**Task to complete:**
Output only the lines of the entries that follow, starting at the one with "Top Layer: signal copper 0.0356" and running down to the one with "149.098,55.484 r270 top", both included and unchanged.

START Available data

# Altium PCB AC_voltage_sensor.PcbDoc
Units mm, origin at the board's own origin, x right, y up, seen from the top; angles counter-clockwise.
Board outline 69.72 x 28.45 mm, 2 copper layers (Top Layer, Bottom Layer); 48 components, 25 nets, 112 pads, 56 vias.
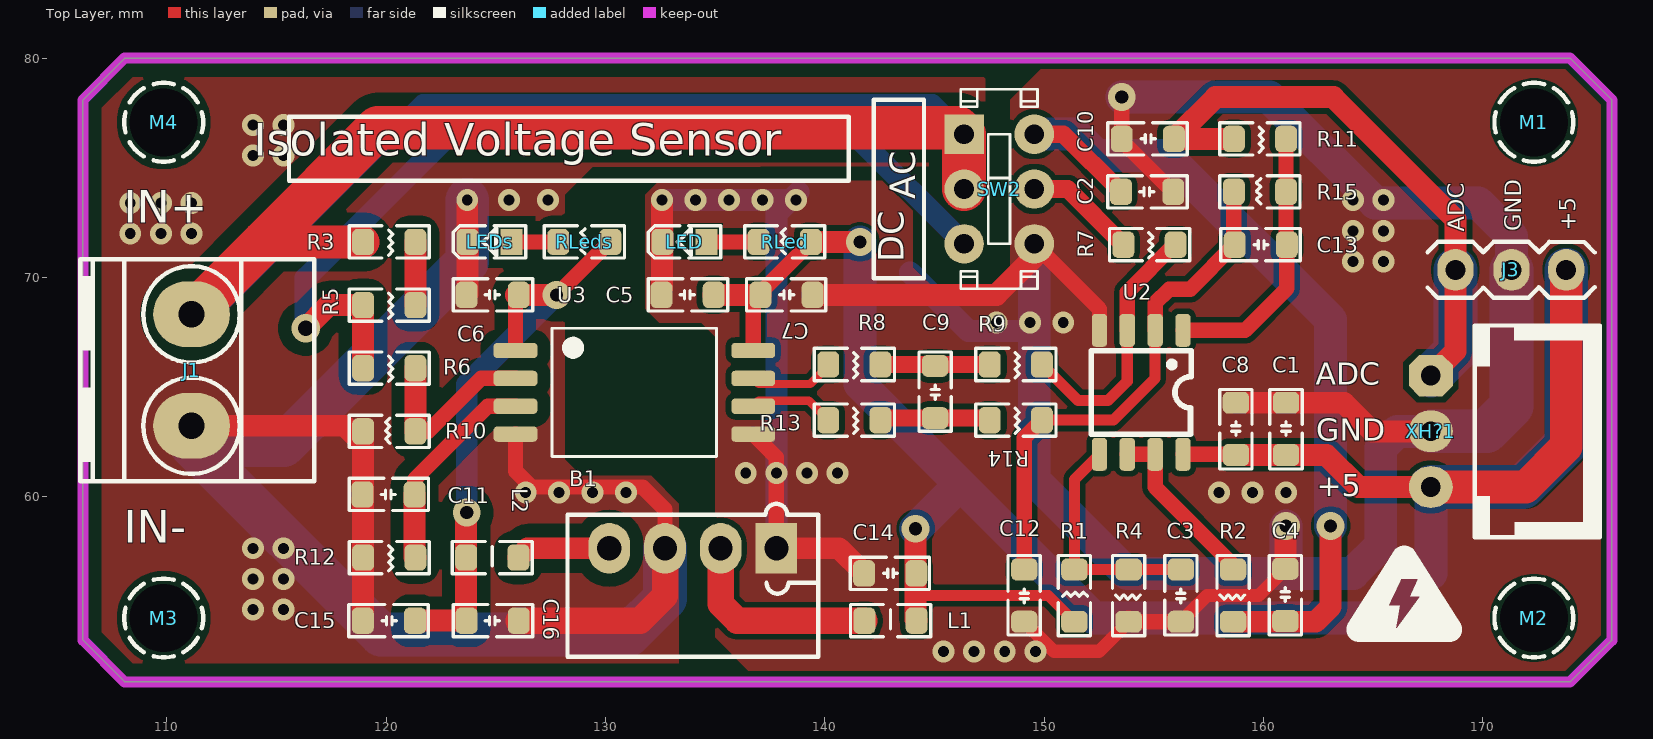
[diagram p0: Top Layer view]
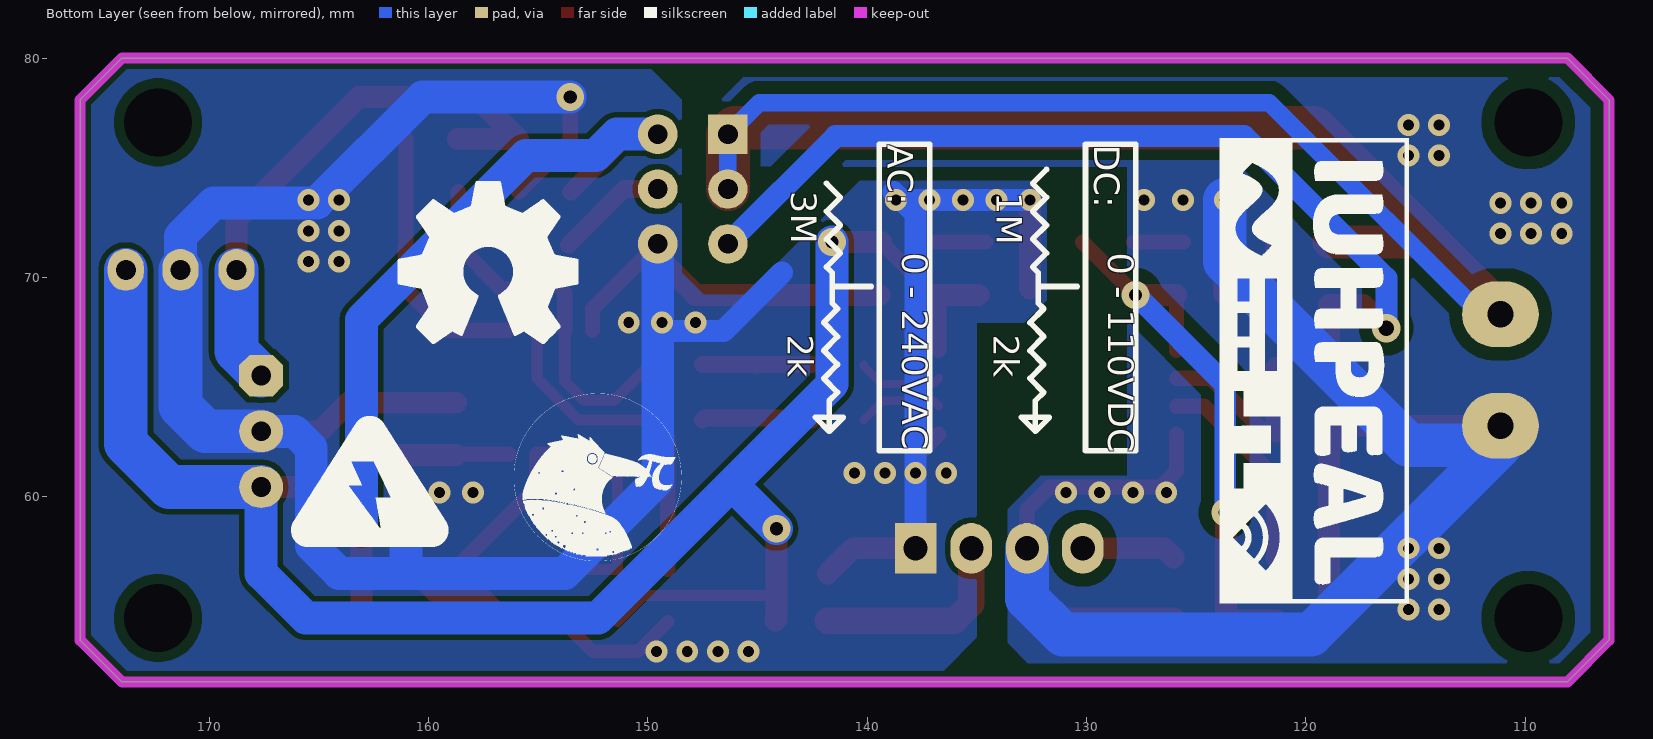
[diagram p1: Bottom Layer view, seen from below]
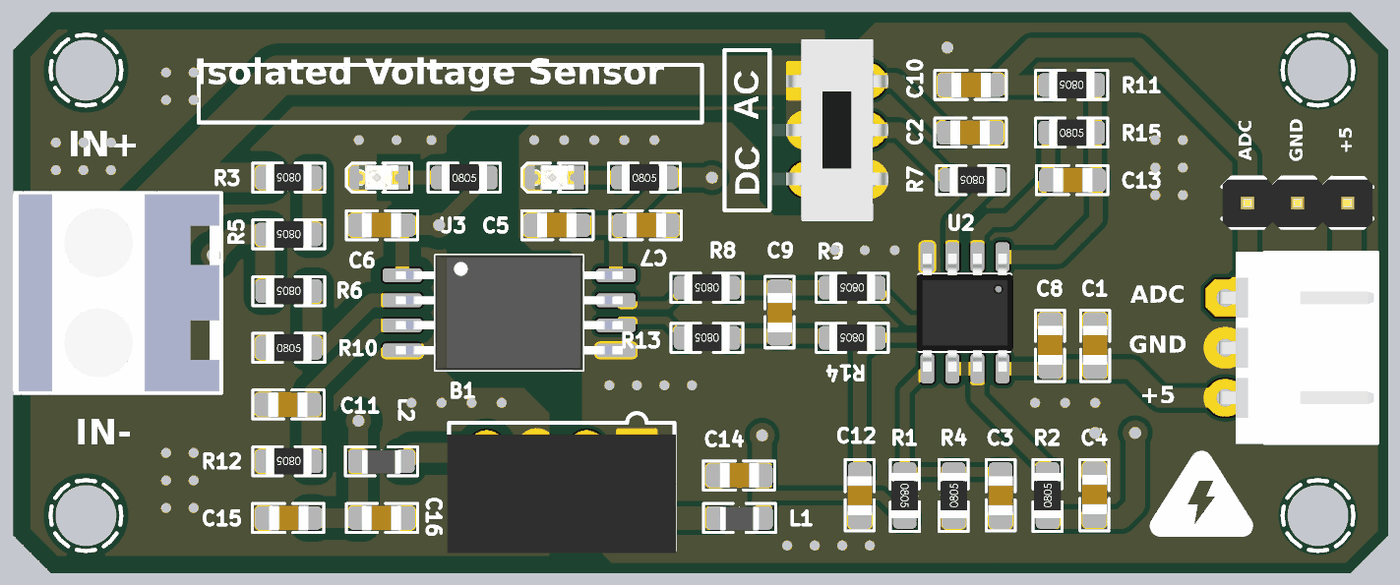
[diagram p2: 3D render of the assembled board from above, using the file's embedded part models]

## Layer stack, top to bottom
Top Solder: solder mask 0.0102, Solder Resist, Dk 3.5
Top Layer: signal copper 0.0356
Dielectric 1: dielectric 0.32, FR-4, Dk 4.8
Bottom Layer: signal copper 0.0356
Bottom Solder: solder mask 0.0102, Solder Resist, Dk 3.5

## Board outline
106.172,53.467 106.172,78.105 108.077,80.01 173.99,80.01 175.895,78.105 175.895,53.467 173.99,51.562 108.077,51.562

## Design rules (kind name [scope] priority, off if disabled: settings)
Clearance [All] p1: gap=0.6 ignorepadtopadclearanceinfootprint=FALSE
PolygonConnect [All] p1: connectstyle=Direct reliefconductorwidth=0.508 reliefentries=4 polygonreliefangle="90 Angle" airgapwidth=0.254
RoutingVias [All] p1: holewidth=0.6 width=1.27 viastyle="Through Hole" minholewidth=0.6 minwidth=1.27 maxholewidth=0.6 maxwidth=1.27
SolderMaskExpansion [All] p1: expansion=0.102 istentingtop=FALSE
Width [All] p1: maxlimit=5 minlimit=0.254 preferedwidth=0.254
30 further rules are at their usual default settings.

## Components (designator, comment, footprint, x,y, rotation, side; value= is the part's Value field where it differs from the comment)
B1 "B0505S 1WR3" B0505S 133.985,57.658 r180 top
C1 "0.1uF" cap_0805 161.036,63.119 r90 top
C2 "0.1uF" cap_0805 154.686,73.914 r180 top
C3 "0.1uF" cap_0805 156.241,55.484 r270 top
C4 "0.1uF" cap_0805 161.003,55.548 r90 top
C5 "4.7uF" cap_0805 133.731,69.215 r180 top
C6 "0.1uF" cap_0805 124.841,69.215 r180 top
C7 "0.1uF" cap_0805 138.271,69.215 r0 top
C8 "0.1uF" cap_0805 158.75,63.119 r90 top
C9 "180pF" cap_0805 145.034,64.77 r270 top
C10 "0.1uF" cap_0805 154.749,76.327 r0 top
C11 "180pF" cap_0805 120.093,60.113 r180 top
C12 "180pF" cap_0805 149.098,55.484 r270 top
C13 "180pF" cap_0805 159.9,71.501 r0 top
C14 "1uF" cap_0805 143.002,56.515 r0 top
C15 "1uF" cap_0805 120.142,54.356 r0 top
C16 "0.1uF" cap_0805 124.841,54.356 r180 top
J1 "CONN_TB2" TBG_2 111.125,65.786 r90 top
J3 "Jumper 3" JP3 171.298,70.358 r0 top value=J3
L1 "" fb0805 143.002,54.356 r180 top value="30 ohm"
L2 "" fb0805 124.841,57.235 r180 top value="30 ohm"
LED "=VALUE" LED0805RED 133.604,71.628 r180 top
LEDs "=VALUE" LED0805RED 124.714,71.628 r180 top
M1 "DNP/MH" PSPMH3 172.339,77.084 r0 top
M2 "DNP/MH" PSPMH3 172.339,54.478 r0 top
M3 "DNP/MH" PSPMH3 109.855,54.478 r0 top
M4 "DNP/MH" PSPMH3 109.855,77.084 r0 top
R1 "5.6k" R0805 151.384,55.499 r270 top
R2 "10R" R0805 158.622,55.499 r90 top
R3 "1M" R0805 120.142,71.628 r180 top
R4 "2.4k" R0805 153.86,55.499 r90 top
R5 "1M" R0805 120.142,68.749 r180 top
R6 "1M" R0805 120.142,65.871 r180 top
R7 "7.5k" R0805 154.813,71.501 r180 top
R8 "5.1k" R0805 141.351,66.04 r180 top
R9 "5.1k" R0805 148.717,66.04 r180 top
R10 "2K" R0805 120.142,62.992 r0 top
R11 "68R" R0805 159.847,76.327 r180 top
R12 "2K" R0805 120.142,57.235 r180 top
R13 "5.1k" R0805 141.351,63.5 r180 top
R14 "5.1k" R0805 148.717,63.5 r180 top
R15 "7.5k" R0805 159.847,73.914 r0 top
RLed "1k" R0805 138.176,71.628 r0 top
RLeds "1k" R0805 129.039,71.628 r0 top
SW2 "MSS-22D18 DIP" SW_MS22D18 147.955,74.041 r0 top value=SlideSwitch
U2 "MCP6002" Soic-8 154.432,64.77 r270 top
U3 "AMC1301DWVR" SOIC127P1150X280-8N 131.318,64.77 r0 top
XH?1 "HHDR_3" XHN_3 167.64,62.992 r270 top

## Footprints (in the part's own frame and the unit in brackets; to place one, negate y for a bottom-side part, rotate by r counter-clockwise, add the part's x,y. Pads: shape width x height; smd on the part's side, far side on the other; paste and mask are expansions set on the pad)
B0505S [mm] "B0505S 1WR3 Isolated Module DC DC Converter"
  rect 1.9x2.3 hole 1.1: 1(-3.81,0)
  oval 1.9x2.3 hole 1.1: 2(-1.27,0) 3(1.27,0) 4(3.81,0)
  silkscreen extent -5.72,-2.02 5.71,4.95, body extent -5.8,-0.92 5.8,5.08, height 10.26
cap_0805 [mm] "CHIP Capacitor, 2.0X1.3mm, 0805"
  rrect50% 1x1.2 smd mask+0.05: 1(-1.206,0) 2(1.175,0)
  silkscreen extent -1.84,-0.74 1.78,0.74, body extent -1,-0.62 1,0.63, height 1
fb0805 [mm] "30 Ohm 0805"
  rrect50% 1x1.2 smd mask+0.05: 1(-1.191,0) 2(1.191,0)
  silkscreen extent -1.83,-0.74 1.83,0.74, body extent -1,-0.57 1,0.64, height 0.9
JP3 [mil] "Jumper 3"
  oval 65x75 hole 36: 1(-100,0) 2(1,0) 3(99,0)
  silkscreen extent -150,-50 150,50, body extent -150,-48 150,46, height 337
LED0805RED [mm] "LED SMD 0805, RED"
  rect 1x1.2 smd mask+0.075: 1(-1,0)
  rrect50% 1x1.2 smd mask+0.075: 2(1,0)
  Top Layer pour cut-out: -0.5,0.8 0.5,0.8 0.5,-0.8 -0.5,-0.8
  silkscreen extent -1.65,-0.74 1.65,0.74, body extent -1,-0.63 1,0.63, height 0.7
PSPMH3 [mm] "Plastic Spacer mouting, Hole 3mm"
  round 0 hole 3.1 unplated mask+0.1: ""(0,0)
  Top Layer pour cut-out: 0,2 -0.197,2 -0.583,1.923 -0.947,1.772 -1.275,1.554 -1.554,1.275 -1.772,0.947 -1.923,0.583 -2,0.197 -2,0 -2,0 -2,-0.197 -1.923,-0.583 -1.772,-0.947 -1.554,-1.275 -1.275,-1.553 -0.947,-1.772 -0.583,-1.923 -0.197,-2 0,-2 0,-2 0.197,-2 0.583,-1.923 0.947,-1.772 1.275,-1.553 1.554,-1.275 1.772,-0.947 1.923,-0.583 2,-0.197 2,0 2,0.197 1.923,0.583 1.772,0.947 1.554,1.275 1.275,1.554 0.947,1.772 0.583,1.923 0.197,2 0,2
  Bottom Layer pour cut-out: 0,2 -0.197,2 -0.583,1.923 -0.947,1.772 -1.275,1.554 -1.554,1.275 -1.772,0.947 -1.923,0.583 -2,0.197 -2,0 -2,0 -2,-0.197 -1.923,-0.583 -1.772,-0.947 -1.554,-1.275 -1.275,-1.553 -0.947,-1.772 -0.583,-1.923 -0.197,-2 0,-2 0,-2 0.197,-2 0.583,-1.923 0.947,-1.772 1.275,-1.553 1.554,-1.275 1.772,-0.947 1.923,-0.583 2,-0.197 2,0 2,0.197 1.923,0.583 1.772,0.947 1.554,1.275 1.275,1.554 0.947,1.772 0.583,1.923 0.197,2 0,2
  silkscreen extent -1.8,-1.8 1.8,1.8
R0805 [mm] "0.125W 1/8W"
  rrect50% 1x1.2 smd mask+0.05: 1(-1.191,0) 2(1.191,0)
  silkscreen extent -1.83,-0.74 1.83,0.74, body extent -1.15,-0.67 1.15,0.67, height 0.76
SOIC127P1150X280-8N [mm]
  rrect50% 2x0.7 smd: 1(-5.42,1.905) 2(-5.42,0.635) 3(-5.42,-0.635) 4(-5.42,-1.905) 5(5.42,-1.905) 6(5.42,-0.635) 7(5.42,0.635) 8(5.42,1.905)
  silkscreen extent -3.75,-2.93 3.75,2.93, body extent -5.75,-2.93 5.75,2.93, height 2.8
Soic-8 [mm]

END Available data

**Result for this exercise:**
Top Layer: signal copper 0.0356
Dielectric 1: dielectric 0.32, FR-4, Dk 4.8
Bottom Layer: signal copper 0.0356
Bottom Solder: solder mask 0.0102, Solder Resist, Dk 3.5

## Board outline
106.172,53.467 106.172,78.105 108.077,80.01 173.99,80.01 175.895,78.105 175.895,53.467 173.99,51.562 108.077,51.562

## Design rules (kind name [scope] priority, off if disabled: settings)
Clearance [All] p1: gap=0.6 ignorepadtopadclearanceinfootprint=FALSE
PolygonConnect [All] p1: connectstyle=Direct reliefconductorwidth=0.508 reliefentries=4 polygonreliefangle="90 Angle" airgapwidth=0.254
RoutingVias [All] p1: holewidth=0.6 width=1.27 viastyle="Through Hole" minholewidth=0.6 minwidth=1.27 maxholewidth=0.6 maxwidth=1.27
SolderMaskExpansion [All] p1: expansion=0.102 istentingtop=FALSE
Width [All] p1: maxlimit=5 minlimit=0.254 preferedwidth=0.254
30 further rules are at their usual default settings.

## Components (designator, comment, footprint, x,y, rotation, side; value= is the part's Value field where it differs from the comment)
B1 "B0505S 1WR3" B0505S 133.985,57.658 r180 top
C1 "0.1uF" cap_0805 161.036,63.119 r90 top
C2 "0.1uF" cap_0805 154.686,73.914 r180 top
C3 "0.1uF" cap_0805 156.241,55.484 r270 top
C4 "0.1uF" cap_0805 161.003,55.548 r90 top
C5 "4.7uF" cap_0805 133.731,69.215 r180 top
C6 "0.1uF" cap_0805 124.841,69.215 r180 top
C7 "0.1uF" cap_0805 138.271,69.215 r0 top
C8 "0.1uF" cap_0805 158.75,63.119 r90 top
C9 "180pF" cap_0805 145.034,64.77 r270 top
C10 "0.1uF" cap_0805 154.749,76.327 r0 top
C11 "180pF" cap_0805 120.093,60.113 r180 top
C12 "180pF" cap_0805 149.098,55.484 r270 top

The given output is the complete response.